Use Scikit-Learn and Runflow

If you're not familiar with Scikit-learn and Runflow,

Scikit-learn is a simple and efficient tool for predictive data analysis.

Runflow is a tool to define and run workflows.

By mix using both, your machine learning code will be organized better.

Why Runflow is Needed?

If you just simply follow the code snippets shown on scikit-learn documentation,
you will quickly get into some issues.

With more complexity added, the code doesn't scale well.

The code is hard to maintain and read.

You need to deal with where to load and save the data.

You need to track the change of models and parameters over time.

Code change in the middle of the script may break the following code. Spend a lot of time troubleshooting.

How to Improve Your Machine Learning Code?

Let's see how Runflow solves this issue.

Step 1, split your code into a minimal chunk of classes and functions so they're easy to be re-used. And more importantly, the error is contained in a scope.

# File: examples/sklearn_refactored_script.py
from sklearn.datasets import load_boston
from sklearn.ensemble import GradientBoostingRegressor
from sklearn.linear_model import LinearRegression
import pandas as pd

class ExtractTrainingSet:

    def run(self):
        df = load_boston()
        return dict(
            x=pd.DataFrame(df.data, columns=df.feature_names),
            y=pd.DataFrame(df.target, columns=['target'])
        )

class TrainModel:

    MODELS = {
        'ols': LinearRegression,
        'gbm': GradientBoostingRegressor,
    }

    def __init__(self, model, x, y):
        if model not in self.MODELS:
            raise ValueError(f'invalid model: {model}')
        self.model = model
        self.x = x
        self.y = y

    def run(self):
        model = self.MODELS[self.model]()
        model.fit(self.x, self.y)
        score = model.score(self.x, self.y)
        return {'score': score}

Step 2, define a data flow using Runflow.

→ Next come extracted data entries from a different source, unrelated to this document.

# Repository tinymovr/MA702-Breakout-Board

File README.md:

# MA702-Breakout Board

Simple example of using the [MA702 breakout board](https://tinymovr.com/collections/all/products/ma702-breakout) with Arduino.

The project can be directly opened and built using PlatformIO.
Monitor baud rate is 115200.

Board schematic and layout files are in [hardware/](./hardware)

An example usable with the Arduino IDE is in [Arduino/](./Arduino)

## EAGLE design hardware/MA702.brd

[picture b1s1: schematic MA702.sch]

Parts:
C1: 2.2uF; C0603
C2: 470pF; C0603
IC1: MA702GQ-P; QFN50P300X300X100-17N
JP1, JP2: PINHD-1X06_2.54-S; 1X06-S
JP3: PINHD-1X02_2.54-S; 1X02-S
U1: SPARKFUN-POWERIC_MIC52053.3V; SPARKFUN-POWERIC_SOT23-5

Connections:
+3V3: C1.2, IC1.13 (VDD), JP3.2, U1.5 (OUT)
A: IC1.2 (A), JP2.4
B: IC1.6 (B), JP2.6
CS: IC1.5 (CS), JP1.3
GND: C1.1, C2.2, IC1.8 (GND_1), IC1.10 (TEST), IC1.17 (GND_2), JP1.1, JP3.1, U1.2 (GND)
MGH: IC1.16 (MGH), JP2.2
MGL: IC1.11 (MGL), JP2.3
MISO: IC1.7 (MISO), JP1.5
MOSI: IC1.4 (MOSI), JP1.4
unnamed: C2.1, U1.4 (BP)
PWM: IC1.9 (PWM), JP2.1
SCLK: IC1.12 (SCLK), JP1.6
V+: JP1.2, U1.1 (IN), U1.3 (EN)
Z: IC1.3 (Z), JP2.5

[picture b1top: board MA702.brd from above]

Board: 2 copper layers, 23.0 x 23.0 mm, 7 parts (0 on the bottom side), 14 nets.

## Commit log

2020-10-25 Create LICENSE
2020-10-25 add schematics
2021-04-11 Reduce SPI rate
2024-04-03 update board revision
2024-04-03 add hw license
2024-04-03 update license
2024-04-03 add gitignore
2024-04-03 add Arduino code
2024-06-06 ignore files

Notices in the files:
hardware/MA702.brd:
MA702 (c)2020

# File: examples/ml_example.hcl

flow "machine_learning_example" {

  import {
    tasks = {
      extract = "examples.sklearn_refactored_script:ExtractTrainingSet"
      train_model = "examples.sklearn_refactored_script:TrainModel"
    }
  }

  task "extract" "setup" {
  }

  task "train_model" "model1" {
    model = "ols"
    x = task.extract.setup.x
    y = task.extract.setup.y
  }

  task "train_model" "model2" {
    model = "gbm"
    x = task.extract.setup.x
    y = task.extract.setup.y
  }

  task "file_write" "output" {
    filename = "/dev/stdout"
    content = tojson({
      scores = {
        ols = task.train_model.model1.score
        gbm = task.train_model.model2.score
      }
    }, { indent = 2 }...)
  }

}

Run:

$ python3 -mvenv venv
$ source venv/bin/activate
$ pip install runflow
$ python3 -mrunflow run examples/ml_example.hcl
[2021-07-06 23:15:19,999] "task.extract.setup" is started.
[2021-07-06 23:15:20,006] "task.extract.setup" is successful.
[2021-07-06 23:15:20,006] "task.train_model.model2" is started.
[2021-07-06 23:15:20,144] "task.train_model.model2" is successful.
[2021-07-06 23:15:20,144] "task.train_model.model1" is started.
[2021-07-06 23:15:20,151] "task.train_model.model1" is successful.
[2021-07-06 23:15:20,152] "task.file_write.output" is started.
{
  "scores": {
    "ols": 0.7406426641094095,
    "gbm": 0.9761405838418584
  }
}
[2021-07-06 23:15:20,153] "task.file_write.output" is successful.

Conclusion

Writing machine learning code in a spaghetti coding style may create problems for you.
Considering the complex dependencies, it's better to define them as a flow of tasks.
Runflow is one of the competitive solutions.